Top of DATA

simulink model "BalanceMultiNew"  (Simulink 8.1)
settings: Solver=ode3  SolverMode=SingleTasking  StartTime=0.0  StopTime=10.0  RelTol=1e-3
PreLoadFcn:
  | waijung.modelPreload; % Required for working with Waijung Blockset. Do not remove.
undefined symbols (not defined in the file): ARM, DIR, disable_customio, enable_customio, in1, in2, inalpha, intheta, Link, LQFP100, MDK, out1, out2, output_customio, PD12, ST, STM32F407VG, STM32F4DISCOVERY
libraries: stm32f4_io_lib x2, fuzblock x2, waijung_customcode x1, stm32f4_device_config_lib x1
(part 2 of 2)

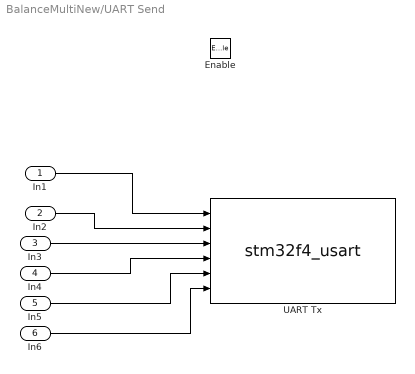
== system BalanceMultiNew/UART Send ==
  In1 : Inport
  In2 : Inport  Port=2
  In3 : Inport  Port=3
  In4 : Inport  Port=4
  In5 : Inport  Port=5
  In6 : Inport  Port=6
  Enable : EnablePort
  UART Tx : S-Function  Priority=1  FunctionName=stm32f4_usart  Parameters=configuration,uartmodule,transfer,baudrate,inputtype,outputtype,confstr,binheaderarray,binterminatorarray,asciiheader,asciiterminator,bindatalength,packetmode,varname,sampletime,sampletimestr,blockid  EnableBusSupport=off  mask(stm32f4_usart){configuration=Tx, uartmodule=1, baudrate=115200, databits=8, parity=No, stopbit=1, remaptxpin=Not used, remaprxpin=Not used, flowcontrol=None, remapctspin=Not used, remaprtspin=Not used, advanceoptions=off, rxbuffersize=512, txbuffersize=512, transfer=Blocking, packetmode=Ascii, binheader='7E 7E', binterminator='03 03', porttype_double=6, porttype_single=0, porttype_int8=0, porttype_uint8=0, porttype_int16=0, porttype_uint16=0, porttype_int32=0, porttype_uint32=0, asciiformat='a,%f,%f,%f,%f,%f,%f,', rx_asciiterminator=CRLF (0x0D 0x0A - "\r\n"), tx_asciiterminator=LF (0x0A - "\n"), storagename=<empty>, varname=, inputtype=[6  1 1 1 1 1 1], outputtype=[0], binheaderarray=[0], binterminatorarray=[0], bindatalength=0, asciiheader='a,%f,%f,%f,%f,%f,%f,\n', asciiterminator=[1 10], sampletime=-1, sampletimestr=0.01, blockid=UARTSendUARTTx, confstr=[ "dummy", "0", "*", "*", "0", "*", "*", "0", "*", "*", "0", "*", "*", "2", "4", "7", "2", "4", "2", "512", "512", "2", "1", "115200", "8", "No", "1", "None", "USART1"], lastmodule=1}
      mask prompts: uartmodule "UART Module"; baudrate "Baud rate (bps)"; databits "Data bits"; stopbit "Stop bit"; remaptxpin "Tx Pin"; remaprxpin "Rx Pin"; flowcontrol "Hardware flow control"; remapctspin "HW Flow control, CTS Pin"; remaprtspin "HW Flow control, RTS Pin"; advanceoptions "Advance options"; rxbuffersize "Rx buffer size (bytes)"; txbuffersize "Tx buffer size (bytes)"; packetmode "Packet mode"; binheader "Binary header (example: '7E 7E')"; binterminator "Binary terminator (example: '03 03')"; porttype_double "Number of data port, type DOUBLE"; porttype_single "Number of data port, type SINGLE"; porttype_int8 "Number of data port, type INT8"; porttype_uint8 "Number of data port, type UINT8"; porttype_int16 "Number of data port, type INT16"; porttype_uint16 "Number of data port, type UINT16"; porttype_int32 "Number of data port, type INT32"; porttype_uint32 "Number of data port, type UINT32"; asciiformat "Ascii format"; rx_asciiterminator "End of packet"; tx_asciiterminator "End of packet"; storagename "Buffer"; varname "Var name"; inputtype "Input data type"; outputtype "Output data type"; binheaderarray "Binary header"; binterminatorarray "Binary terminator"; bindatalength "Binary data length"; asciiheader "Ascii header (printf format)"; asciiterminator "Ascii terminator"; sampletime "Sample time (sec)"; sampletimestr "Compiled sample time (sec) in string"; confstr "Configuration string"; lastmodule "Last module selected"
      mask help:
      | Data type for Ascii format
      | %u, %i, %d, %o, %x: uint32
      | %e, %g, %f: single
      | %c: int8
      mask init:
      | stm32f4_usart_callback('init');
      mask Help: web(fullfile(waijungdocroot,'stm32f4_usart_tx.htm'), '-browser')
      mask TypeOptions configuration: Setup | Tx | Rx
      mask Callback configuration: stm32f4_usart_callback('configuration');
      mask TypeOptions uartmodule: 1 | 2 | 3 | 4 | 5 | 6
      mask Callback uartmodule: stm32f4_usart_callback('uartmodule');
      mask Callback baudrate: stm32f4_usart_callback('baudrate');
      mask TypeOptions databits: 8
      mask TypeOptions parity: No | Odd | Even
      mask TypeOptions stopbit: 0.5 | 1 | 1.5 | 2
      mask TypeOptions remaptxpin: Not used | A9 | B6
      mask TypeOptions remaprxpin: Not used | A10 | B7
      mask TypeOptions flowcontrol: None | RTS | CTS | RTS/CTS
      mask Callback flowcontrol: stm32f4_usart_callback('flowcontrol');
      mask TypeOptions remapctspin: Not used | A11
      mask TypeOptions remaprtspin: Not used | A12
      mask Callback advanceoptions: stm32f4_usart_callback('advanceoptions');
      mask TypeOptions rxbuffersize: 16 | 32 | 64 | 128 | 256 | 512 | 1024 | 2048
      mask TypeOptions txbuffersize: 16 | 32 | 64 | 128 | 256 | 512 | 1024 | 2048
      mask TypeOptions transfer: Blocking | Non-Blocking
      mask Callback transfer: stm32f4_usart_callback('transfer');
      mask TypeOptions packetmode: Ascii | Binary | String Buffer
      mask Callback packetmode: stm32f4_usart_callback('packetmode');
      mask Callback binheader: stm32f4_usart_callback('binheader');
      mask Callback binterminator: stm32f4_usart_callback('binterminator');
      mask Callback porttype_double: stm32f4_usart_callback('porttype');
      mask Callback porttype_single: stm32f4_usart_callback('porttype');
      mask Callback porttype_int8: stm32f4_usart_callback('porttype');
      mask Callback porttype_uint8: stm32f4_usart_callback('porttype');
      mask Callback porttype_int16: stm32f4_usart_callback('porttype');
      mask Callback porttype_uint16: stm32f4_usart_callback('porttype');
      mask Callback porttype_int32: stm32f4_usart_callback('porttype');
      mask Callback porttype_uint32: stm32f4_usart_callback('porttype');
      mask Callback asciiformat: stm32f4_usart_callback('asciiformat');
      mask TypeOptions rx_asciiterminator: CR (0x0D - "\r") | LF (0x0A - "\n") | CRLF (0x0D 0x0A - "\r\n")
      mask Callback rx_asciiterminator: stm32f4_usart_callback('rx_asciiterminator');
      mask TypeOptions tx_asciiterminator: CR (0x0D - "\r") | LF (0x0A - "\n") | CRLF (0x0D 0x0A - "\r\n") | None
      mask Callback tx_asciiterminator: stm32f4_usart_callback('tx_asciiterminator');
      mask TypeOptions storagename: <empty>
      mask Callback storagename: stm32f4_usart_callback('storagename');
      mask Callback varname: stm32f4_usart_callback('varname');
      mask Callback sampletime: stm32f4_usart_callback('sampletime');
      mask Callback sampletimestr: stm32f4_usart_callback('sampletimestr');
      mask Callback blockid: stm32f4_usart_callback('blockid');
      mask Display: text(0.95, 0.5, 'Module: USART1_Tx\nPacket: Ascii\nTransfer: Blocking\nTs (sec): 0.01','ver','middle','hor','right'); port_label('input', 1,'single'); port_label('input', 2,'single'); port_label('input', 3,'single'); port_label('input', 4,'single'); port_label('input', 5,'single'); port_label('input', 6,'single');
  wires:
  In1/1 -> UART Tx/1
  In2/1 -> UART Tx/2
  In3/1 -> UART Tx/3
  In4/1 -> UART Tx/4
  In5/1 -> UART Tx/5
  In6/1 -> UART Tx/6

== matlab function V_control ==
  data: u input double; PWM output double; DIR output double
function [PWM, DIR] = fcn(u)
%#codegen
if u<0
    DIR=0;
    PWM=-u*100/24;
else
%     DIR=1;
%     PWM=u*100/24;
DIR=1;
PWM=u*100/24;

end

== matlab function Subsystem/EnergySWINGUP ==
  data: u output double; alpha input double; alphadot input double
%#************************
%energy based control
%#***********************88

function u = SWING_UP(alpha,alphadot)
%if (alpha>0.6)||(alpha<-0.6)
voltage=3.5;
if (alphadot*cos(alpha))<0
    u=-voltage;
% % % % % % elseif (alphadot*cos(alpha))>0
% % % % % %     u=voltage;
% if(q1>pi)&&(q1<2*pi)
%     q1=q1-2*pi;
% if(abs(q2)<pi/2)
% if((alpha>=pi)&&(alpha<3*pi/2)&&(alphadot<=0))
%     u=20;
% elseif ((alpha<pi)&&(alpha>pi/2)&&(alphadot>0))
%     u=-20;
% % if((alpha>=-pi)&&(alpha<-pi/2)&&(alphadot<=0))
% %     u=10;
% % elseif ((alpha<pi)&&(alpha>pi/2)&&(alphadot>0))
% %     u=-10;
% elseif ((abs(q1)< pi/18))
%     u = -(q2*(-10)+ q1*(53.5434) + q2dot*(-4.9882) + q1dot*(7.4922));
% else
%     u = 0;
% end
% elseif(q2>pi)
%     u=-3;
else
    u=voltage;
end
%else u=0;
end



% if u >=24
%     u = 24;
% end
% if u <= -24
%     u = -24;
% end -10.0000   53.5434   -4.9882    7.4922

== matlab function Switch_Funciton ==
  data: alpha input double; sw output double
function sw = Switch(alpha)
if (alpha<0.5)&&(alpha>-0.5)
    sw = 0;
else
    sw = 1;
end

== matlab function MATLAB Function ==
  data: x output double; a input double; y output double; b input double; c input double
function[x,y] = fcn(a, b, c)
%#codegen
if(a==true)
    x=b;
    y=c;
else
    x=0;y=0;
end

== matlab function Multi_Controllers/MATLAB Function ==
  data: option input double; Vcontrol output double; lqr input double; fuzzysingle input double; fuzzy input double
function Vcontrol = Choose(option, lqr, fuzzysingle, fuzzy)
%#codegen
if(option==0)
    Vcontrol=lqr;
elseif(option==1)
    Vcontrol=fuzzysingle;
else Vcontrol=fuzzy;
end

== matlab function Subsystem/SWINGUP ==
  data: u output double; alpha input double; alphadot input double
%#************************
%energy based control
%#***********************88

function u = SWING_UP(alpha,alphadot)
%if (alpha>0.6)||(alpha<-0.6)
voltage=7.5;
% if (alphadot*cos(alpha))<0
%     u=-voltage;
% % % % % % elseif (alphadot*cos(alpha))>0
% % % % % %     u=voltage;
% if(q1>pi)&&(q1<2*pi)
%     q1=q1-2*pi;
% if(abs(q2)<pi/2)
% if((alpha>=pi)&&(alpha<3*pi/2)&&(alphadot<=0))
%     u=20;
% elseif ((alpha<pi)&&(alpha>pi/2)&&(alphadot>0))
%     u=-20;
if((alpha>=-pi)&&(alpha<-pi/2)&&(alphadot<=0))
    u=voltage;
elseif ((alpha<pi)&&(alpha>pi/2)&&(alphadot>0))
    u=-voltage;
% elseif ((abs(q1)< pi/18))
%     u = -(q2*(-10)+ q1*(53.5434) + q2dot*(-4.9882) + q1dot*(7.4922));
% else
%     u = 0;
% end
% elseif(q2>pi)
%     u=-3;
else
    u=0;
end
%else u=0;
%end



% if u >=24
%     u = 24;
% end
% if u <= -24
%     u = -24;
% end -10.0000   53.5434   -4.9882    7.4922

== matlab function Subsystem/Choose_Swing ==
  data: sw input double; Swing output double; energy input double; errSwing input double; energyLQR input double
function Swing = Choose(sw,energy,errSwing,energyLQR)
%#codegen

if(sw==0)
    Swing=energy;
elseif(sw==1)
        Swing=errSwing;
    else Swing=energyLQR;
     
end

== matlab function Subsystem/EnergySWINGUP1 ==
  data: u output double; alpha input double; alphadot input double
%#************************
%energy based control
%#***********************88

function u = SWING_UP(alpha,alphadot)
%if (alpha>0.6)||(alpha<-0.6)
voltage=5;
if (alphadot*cos(alpha))<0
    u=-voltage;
% % % % % % elseif (alphadot*cos(alpha))>0
% % % % % %     u=voltage;
% if(q1>pi)&&(q1<2*pi)
%     q1=q1-2*pi;
% if(abs(q2)<pi/2)
% if((alpha>=pi)&&(alpha<3*pi/2)&&(alphadot<=0))
%     u=20;
% elseif ((alpha<pi)&&(alpha>pi/2)&&(alphadot>0))
%     u=-20;
% % if((alpha>=-pi)&&(alpha<-pi/2)&&(alphadot<=0))
% %     u=10;
% % elseif ((alpha<pi)&&(alpha>pi/2)&&(alphadot>0))
% %     u=-10;
% elseif ((abs(q1)< pi/18))
%     u = -(q2*(-10)+ q1*(53.5434) + q2dot*(-4.9882) + q1dot*(7.4922));
% else
%     u = 0;
% end
% elseif(q2>pi)
%     u=-3;
else
    u=voltage;
end
%else u=0;
end



% if u >=24
%     u = 24;
% end
% if u <= -24
%     u = -24;
% end -10.0000   53.5434   -4.9882    7.4922

== matlab function Encoders/MATLAB Function ==
  data: pulsealpha input double; alphadisplay output double; alpha output double
function [alphadisplay,alpha] = alpha_pulse(pulsealpha)
%#codegen
alphadisplay=pulsealpha*2*pi/4096+pi;
alpha =mod((alphadisplay-pi),(2*pi))-pi;

== matlab function Encoders/MATLAB Function1 ==
  data: pulsetheta input double; thetadisplay output double; theta output double
function [thetadisplay,theta] = theta_pulse(pulsetheta)
%#codegen
thetadisplay=pulsetheta*2*pi/4000;
theta=mod((thetadisplay+pi),(2*pi))-pi;

== matlab function Multi_Controllers/MATLAB Function1 ==
  data: alpha input double; y output double; alphadot input double; theta input double; thetadot input double
function y = convert(alpha, alphadot,theta,thetadot)
%#codegen
lamda1=1;
lamda2=1;
lamda3=1;
y = (alpha+alphadot*lamda1+theta*lamda2+thetadot*lamda3)/sqrt(1+lamda1*lamda1+lamda2*lamda2+lamda3*lamda3);

Bottom of DATA

- [DIRECTIONS FOR THIS TASK] Where the string "init" turns up in a line of the data above, copy that whole line.

- [RESULT OF THIS TASK]
      mask init:
      | stm32f4_usart_callback('init');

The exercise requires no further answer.